## Bernoulli Distribution

### Overview

The Bernoulli distribution is a discrete probability distribution with only two possible values for the random variable. Each instance of an event with a Bernoulli distribution is called a Bernoulli trial.

### Parameters

The Bernoulli distribution uses the following parameter.

ParameterDescriptionSupport
`p`Probability of success$0\le p\le 1$

### Probability Density Function

The probability density function (pdf) of the Bernoulli distribution is

`$f\left(x|p\right)=\left\{\begin{array}{c}1-p,\text{ }x=0\\ \text{ }p,\text{ }x=1\end{array}\text{\hspace{0.17em}}.$`

For discrete distributions, the pdf is also known as the probability mass function (pmf).

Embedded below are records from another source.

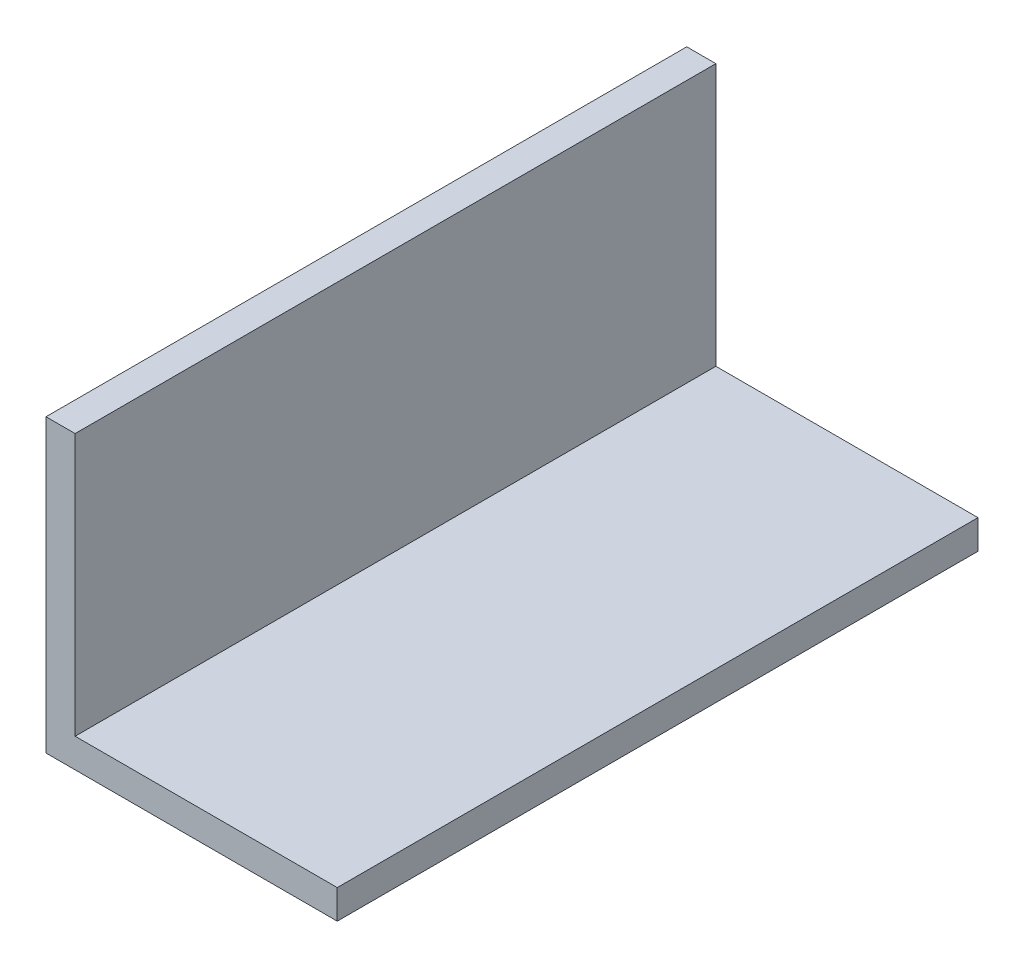
from build123d import *

# Parameters (mm, degrees)
EXTRUDE_1_DEPTH = 66


with BuildPart() as part:
    # Эскиз1 → Бобышка-Вытянуть1 (new body)
    with BuildSketch(Plane.XY):
        Polygon((0, 30), (0, 0), (30, 0), (30, 3), (3, 3), (3, 30), align=None)
    extrude(amount=EXTRUDE_1_DEPTH)


solid = part.part

For an example, see Compute Bernoulli Distribution pdf.

### Cumulative Distribution Function

The cumulative distribution function (cdf) of the Bernoulli distribution is

`$F\left(x|p\right)=\left\{\begin{array}{c}1-p,\text{ }x=0\\ \text{ }1,\text{ }x=1\end{array}\text{\hspace{0.17em}}.$`

For an example, see Compute Bernoulli Distribution cdf.

### Descriptive Statistics

The mean of the Bernoulli distribution is p.

The variance of the Bernoulli distribution is p(1 – p).

### Examples

#### Compute Bernoulli Distribution pdf

The Bernoulli distribution is a special case of the binomial distribution, where `N = 1`. Use `binopdf` to compute the pdf of the Bernoulli distribution with the probability of success `0.75`.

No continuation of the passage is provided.